# T.b.x. 2010



## Phil Carver (Apr 5, 2004)

The 2010 Team Bass Xtreme schedules are out. All dates are good to go! We are excited to have added the new "Elite" series to the line up for those who would like to fish non team formated events. Check us out at www.teambassxtreme.com


----------



## justflippin (May 6, 2004)

Website says it's disabled.


----------



## Phil Carver (Apr 5, 2004)

Sorry about that everyone. We are up and running again.


----------



## CShaver8 (Jul 12, 2005)

Looks great Phil, can't wait for the Elite Series


----------



## justflippin (May 6, 2004)

Looking forward to it but the membership form is not working?


----------



## Phil Carver (Apr 5, 2004)

Sorry , I forgot to publish the website link. It is good to go now.


----------



## Phil Carver (Apr 5, 2004)

Seems that the new Elite Series format is going to be a hit! I may have to rethink the capped field size.


----------



## justflippin (May 6, 2004)

Hey Phil,
How should I send the membership form? Can you tell me your email address?


----------



## Phil Carver (Apr 5, 2004)

My email address is [email protected] membership forms can be mailed to :

Team Bass Xtreme , LLC
6595 Saylor Ct.
Canal Winchester , Ohio 43110

This series has recieved more feedback than any other we run.
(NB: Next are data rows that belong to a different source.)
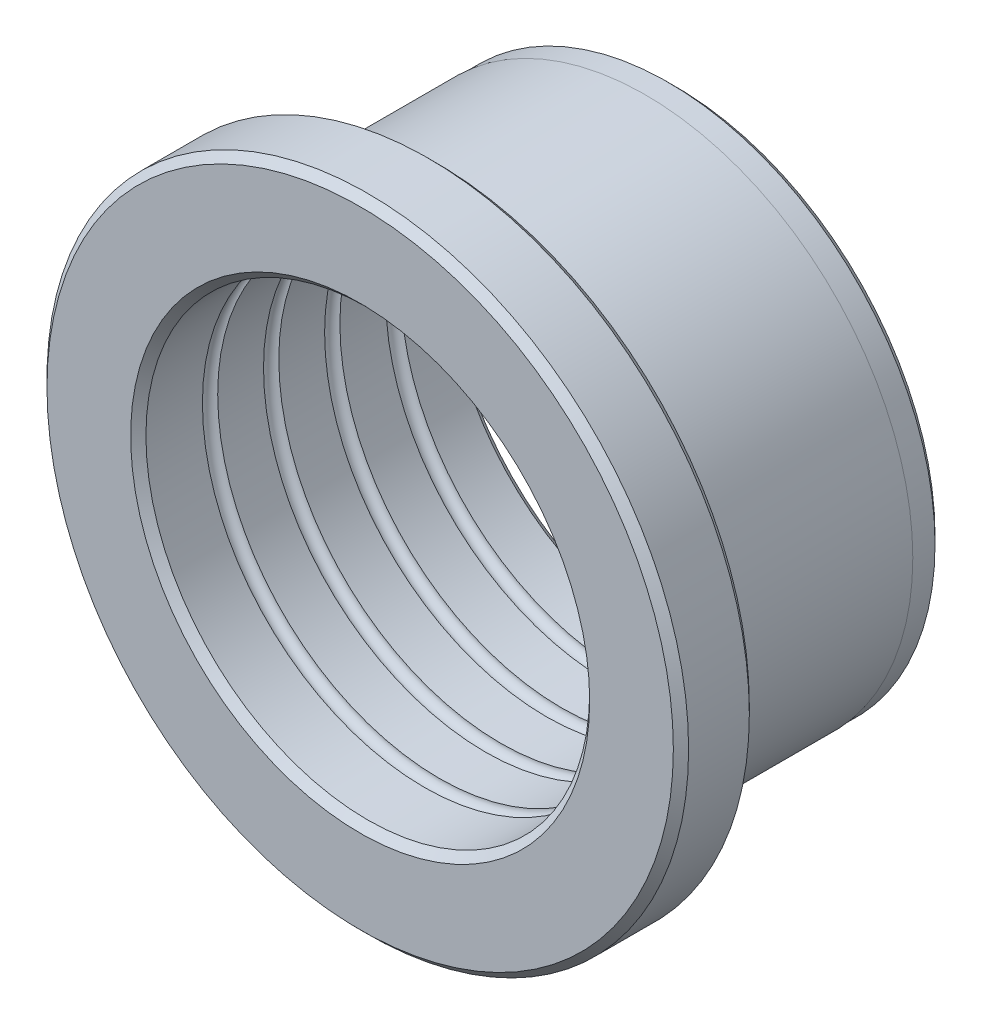
ISO-10303-21;
HEADER;
FILE_DESCRIPTION(('STEP AP214'),'2;1');
FILE_NAME('part.step','',(''),(''),'','','');
FILE_SCHEMA(('AUTOMOTIVE_DESIGN { 1 0 10303 214 1 1 1 1 }'));
ENDSEC;
DATA;
#1=APPLICATION_CONTEXT('core data for automotive mechanical design processes');
#2=APPLICATION_PROTOCOL_DEFINITION('international standard','automotive_design',2000,#1);
#3=PRODUCT_CONTEXT('',#1,'mechanical');
#4=PRODUCT('Part','Part','',(#3));
#5=PRODUCT_RELATED_PRODUCT_CATEGORY('part','',(#4));
#6=PRODUCT_DEFINITION_FORMATION('','',#4);
#7=PRODUCT_DEFINITION_CONTEXT('part definition',#1,'design');
#8=PRODUCT_DEFINITION('design','',#6,#7);
#9=PRODUCT_DEFINITION_SHAPE('','',#8);
#10=(LENGTH_UNIT() NAMED_UNIT(*) SI_UNIT(.MILLI.,.METRE.));
#11=(NAMED_UNIT(*) PLANE_ANGLE_UNIT() SI_UNIT($,.RADIAN.));
#12=(NAMED_UNIT(*) SI_UNIT($,.STERADIAN.) SOLID_ANGLE_UNIT());
#13=UNCERTAINTY_MEASURE_WITH_UNIT(LENGTH_MEASURE(1.E-05),#10,'distance_accuracy_value','');
#14=(GEOMETRIC_REPRESENTATION_CONTEXT(3) GLOBAL_UNCERTAINTY_ASSIGNED_CONTEXT((#13)) GLOBAL_UNIT_ASSIGNED_CONTEXT((#10,
#11,#12)) REPRESENTATION_CONTEXT('',''));
#15=CARTESIAN_POINT('',(0.,0.,0.));
#16=DIRECTION('',(0.,0.,1.));
#17=DIRECTION('',(1.,0.,0.));
#18=AXIS2_PLACEMENT_3D('',#15,#16,#17);
#19=CARTESIAN_POINT('',(0.,0.,-4.7));
#20=DIRECTION('',(0.,0.,1.));
#21=DIRECTION('',(1.,0.,0.));
#22=AXIS2_PLACEMENT_3D('',#19,#20,#21);
#23=TOROIDAL_SURFACE('',#22,14.525,0.5);
#24=CARTESIAN_POINT('',(0.,0.,-5.19999374996094));
#25=DIRECTION('',(0.,0.,1.));
#26=DIRECTION('',(1.,0.,0.));
#27=AXIS2_PLACEMENT_3D('',#24,#25,#26);
#28=CIRCLE('',#27,14.5275);
#29=CARTESIAN_POINT('',(14.5275,0.,-5.19999374996094));
#30=VERTEX_POINT('',#29);
#31=EDGE_CURVE('E109',#30,#30,#28,.T.);
#32=ORIENTED_EDGE('',*,*,#31,.F.);
#33=EDGE_LOOP('',(#32));
#34=FACE_BOUND('',#33,.T.);
#35=CARTESIAN_POINT('',(0.,0.,-4.20000625003906));
#36=DIRECTION('',(0.,0.,1.));
#37=DIRECTION('',(1.,0.,0.));
#38=AXIS2_PLACEMENT_3D('',#35,#36,#37);
#39=CIRCLE('',#38,14.5275);
#40=CARTESIAN_POINT('',(14.5275,0.,-4.20000625003906));
#41=VERTEX_POINT('',#40);
#42=EDGE_CURVE('E10',#41,#41,#39,.T.);
#43=ORIENTED_EDGE('',*,*,#42,.T.);
#44=EDGE_LOOP('',(#43));
#45=FACE_BOUND('',#44,.T.);
#46=ADVANCED_FACE('F39',(#34,#45),#23,.F.);
#47=CARTESIAN_POINT('',(0.,0.,0.));
#48=DIRECTION('',(0.,0.,1.));
#49=DIRECTION('',(1.,0.,0.));
#50=AXIS2_PLACEMENT_3D('',#47,#48,#49);
#51=CYLINDRICAL_SURFACE('',#50,14.5275);
#52=ORIENTED_EDGE('',*,*,#42,.F.);
#53=EDGE_LOOP('',(#52));
#54=FACE_BOUND('',#53,.T.);
#55=CARTESIAN_POINT('',(0.,0.,-0.500000000000001));
#56=DIRECTION('',(0.,0.,1.));
#57=DIRECTION('',(1.,0.,0.));
#58=AXIS2_PLACEMENT_3D('',#55,#56,#57);
#59=CIRCLE('',#58,14.5275);
#60=CARTESIAN_POINT('',(14.5275,0.,-0.500000000000001));
#61=VERTEX_POINT('',#60);
#62=EDGE_CURVE('E45',#61,#61,#59,.T.);
#63=ORIENTED_EDGE('',*,*,#62,.T.);
#64=EDGE_LOOP('',(#63));
#65=FACE_BOUND('',#64,.T.);
#66=ADVANCED_FACE('F116',(#54,#65),#51,.F.);
#67=CARTESIAN_POINT('',(0.,0.,0.));
#68=DIRECTION('',(0.,0.,1.));
#69=DIRECTION('',(1.,0.,0.));
#70=AXIS2_PLACEMENT_3D('',#67,#68,#69);
#71=CONICAL_SURFACE('',#70,15.0275,0.785398163397449);
#72=ORIENTED_EDGE('',*,*,#62,.F.);
#73=EDGE_LOOP('',(#72));
#74=FACE_BOUND('',#73,.T.);
#75=CARTESIAN_POINT('',(0.,0.,0.));
#76=DIRECTION('',(0.,0.,1.));
#77=DIRECTION('',(1.,0.,0.));
#78=AXIS2_PLACEMENT_3D('',#75,#76,#77);
#79=CIRCLE('',#78,15.0275);
#80=CARTESIAN_POINT('',(15.0275,0.,0.));
#81=VERTEX_POINT('',#80);
#82=EDGE_CURVE('E49',#81,#81,#79,.T.);
#83=ORIENTED_EDGE('',*,*,#82,.T.);
#84=EDGE_LOOP('',(#83));
#85=FACE_BOUND('',#84,.T.);
#86=ADVANCED_FACE('F120',(#74,#85),#71,.F.);
#87=CARTESIAN_POINT('',(0.,20.505,0.));
#88=DIRECTION('',(0.,0.,-1.));
#89=DIRECTION('',(-1.,0.,0.));
#90=AXIS2_PLACEMENT_3D('',#87,#88,#89);
#91=PLANE('',#90);
#92=ORIENTED_EDGE('',*,*,#82,.F.);
#93=EDGE_LOOP('',(#92));
#94=FACE_BOUND('',#93,.T.);
#95=CARTESIAN_POINT('',(0.,0.,0.));
#96=DIRECTION('',(0.,0.,1.));
#97=DIRECTION('',(1.,0.,0.));
#98=AXIS2_PLACEMENT_3D('',#95,#96,#97);
#99=CIRCLE('',#98,20.505);
#100=CARTESIAN_POINT('',(20.505,0.,0.));
#101=VERTEX_POINT('',#100);
#102=EDGE_CURVE('E53',#101,#101,#99,.T.);
#103=ORIENTED_EDGE('',*,*,#102,.T.);
#104=EDGE_LOOP('',(#103));
#105=FACE_BOUND('',#104,.T.);
#106=ADVANCED_FACE('F125',(#94,#105),#91,.F.);
#107=CARTESIAN_POINT('',(0.,0.,-0.500000000000002));
#108=DIRECTION('',(0.,0.,-1.));
#109=DIRECTION('',(-1.,0.,0.));
#110=AXIS2_PLACEMENT_3D('',#107,#108,#109);
#111=CONICAL_SURFACE('',#110,21.005,0.785398163397449);
#112=ORIENTED_EDGE('',*,*,#102,.F.);
#113=EDGE_LOOP('',(#112));
#114=FACE_BOUND('',#113,.T.);
#115=CARTESIAN_POINT('',(0.,0.,-0.500000000000002));
#116=DIRECTION('',(0.,0.,1.));
#117=DIRECTION('',(1.,0.,0.));
#118=AXIS2_PLACEMENT_3D('',#115,#116,#117);
#119=CIRCLE('',#118,21.005);
#120=CARTESIAN_POINT('',(21.005,0.,-0.500000000000002));
#121=VERTEX_POINT('',#120);
#122=EDGE_CURVE('E58',#121,#121,#119,.T.);
#123=ORIENTED_EDGE('',*,*,#122,.T.);
#124=EDGE_LOOP('',(#123));
#125=FACE_BOUND('',#124,.T.);
#126=ADVANCED_FACE('F131',(#114,#125),#111,.T.);
#127=CARTESIAN_POINT('',(0.,0.,0.));
#128=DIRECTION('',(0.,0.,1.));
#129=DIRECTION('',(1.,0.,0.));
#130=AXIS2_PLACEMENT_3D('',#127,#128,#129);
#131=CYLINDRICAL_SURFACE('',#130,21.005);
#132=ORIENTED_EDGE('',*,*,#122,.F.);
#133=EDGE_LOOP('',(#132));
#134=FACE_BOUND('',#133,.T.);
#135=CARTESIAN_POINT('',(0.,0.,-4.475));
#136=DIRECTION('',(0.,0.,1.));
#137=DIRECTION('',(1.,0.,0.));
#138=AXIS2_PLACEMENT_3D('',#135,#136,#137);
#139=CIRCLE('',#138,21.005);
#140=CARTESIAN_POINT('',(21.005,0.,-4.475));
#141=VERTEX_POINT('',#140);
#142=EDGE_CURVE('E61',#141,#141,#139,.T.);
#143=ORIENTED_EDGE('',*,*,#142,.T.);
#144=EDGE_LOOP('',(#143));
#145=FACE_BOUND('',#144,.T.);
#146=ADVANCED_FACE('F135',(#134,#145),#131,.T.);
#147=CARTESIAN_POINT('',(0.,0.,-4.975));
#148=DIRECTION('',(0.,0.,1.));
#149=DIRECTION('',(1.,0.,0.));
#150=AXIS2_PLACEMENT_3D('',#147,#148,#149);
#151=CONICAL_SURFACE('',#150,20.505,0.785398163397449);
#152=ORIENTED_EDGE('',*,*,#142,.F.);
#153=EDGE_LOOP('',(#152));
#154=FACE_BOUND('',#153,.T.);
#155=CARTESIAN_POINT('',(0.,0.,-4.975));
#156=DIRECTION('',(0.,0.,1.));
#157=DIRECTION('',(1.,0.,0.));
#158=AXIS2_PLACEMENT_3D('',#155,#156,#157);
#159=CIRCLE('',#158,20.505);
#160=CARTESIAN_POINT('',(20.505,0.,-4.975));
#161=VERTEX_POINT('',#160);
#162=EDGE_CURVE('E64',#161,#161,#159,.T.);
#163=ORIENTED_EDGE('',*,*,#162,.T.);
#164=EDGE_LOOP('',(#163));
#165=FACE_BOUND('',#164,.T.);
#166=ADVANCED_FACE('F139',(#154,#165),#151,.T.);
#167=CARTESIAN_POINT('',(0.,17.9075,-4.975));
#168=DIRECTION('',(0.,0.,1.));
#169=DIRECTION('',(1.,0.,0.));
#170=AXIS2_PLACEMENT_3D('',#167,#168,#169);
#171=PLANE('',#170);
#172=ORIENTED_EDGE('',*,*,#162,.F.);
#173=EDGE_LOOP('',(#172));
#174=FACE_BOUND('',#173,.T.);
#175=CARTESIAN_POINT('',(0.,0.,-4.975));
#176=DIRECTION('',(0.,0.,1.));
#177=DIRECTION('',(1.,0.,0.));
#178=AXIS2_PLACEMENT_3D('',#175,#176,#177);
#179=CIRCLE('',#178,17.9075);
#180=CARTESIAN_POINT('',(17.9075,0.,-4.975));
#181=VERTEX_POINT('',#180);
#182=EDGE_CURVE('E67',#181,#181,#179,.T.);
#183=ORIENTED_EDGE('',*,*,#182,.T.);
#184=EDGE_LOOP('',(#183));
#185=FACE_BOUND('',#184,.T.);
#186=ADVANCED_FACE('F143',(#174,#185),#171,.F.);
#187=CARTESIAN_POINT('',(0.,0.,-5.375));
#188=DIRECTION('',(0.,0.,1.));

I have been getting tons of calls and emails every day. I have decided to keep the field limited to a 40 boat cap for the first season. If everything gets to where boats can be put in and taken out without a bunch of hasles we will increase the field size next season.


----------



## justflippin (May 6, 2004)

Maybe a dumb question but when do you want the money? with the membership form?


----------



## Phil Carver (Apr 5, 2004)

Membership fee's should be sent along with membership forms.


----------